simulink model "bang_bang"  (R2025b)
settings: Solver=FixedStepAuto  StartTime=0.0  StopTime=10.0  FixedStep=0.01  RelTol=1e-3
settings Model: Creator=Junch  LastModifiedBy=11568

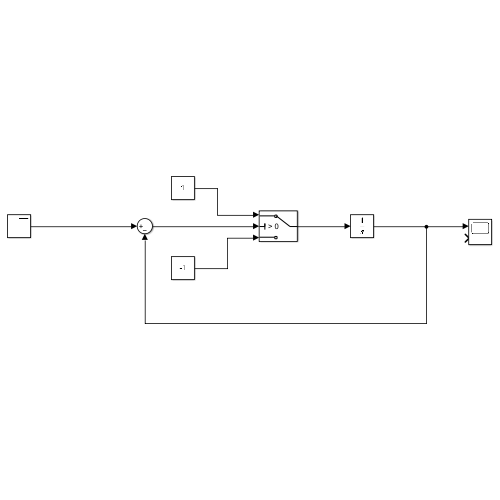
[thumbnail: Simulink's stored preview of the top-level diagram]
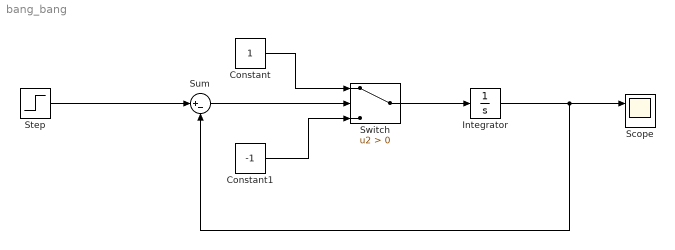
== system bang_bang ==
  Constant : Constant
  Constant1 : Constant  Value=-1
  Integrator : Integrator
  Scope : Scope  NumInputPorts=2
      settings: ActiveDisplayYMinimum=-1.4049954757830743  ActiveDisplayYMaximum=3.1001969562066249
  Step : Step  SampleTime=0
  Sum : Sum  Inputs=|+-
  Switch : Switch  Criteria=u2 > Threshold  SaturateOnIntegerOverflow=off  InputSameDT=off
  wires:
  Integrator/1 -> Sum/2, Scope/1
  Sum/1 -> Switch/2
  Step/1 -> Sum/1
  Switch/1 -> Integrator/1
  Constant/1 -> Switch/1
  Constant1/1 -> Switch/3
•••
_How to complete this task_.
From the records above, pick out and copy each line holding the word "Scope".

_Exercise response_.
  Scope : Scope  NumInputPorts=2
  Integrator/1 -> Sum/2, Scope/1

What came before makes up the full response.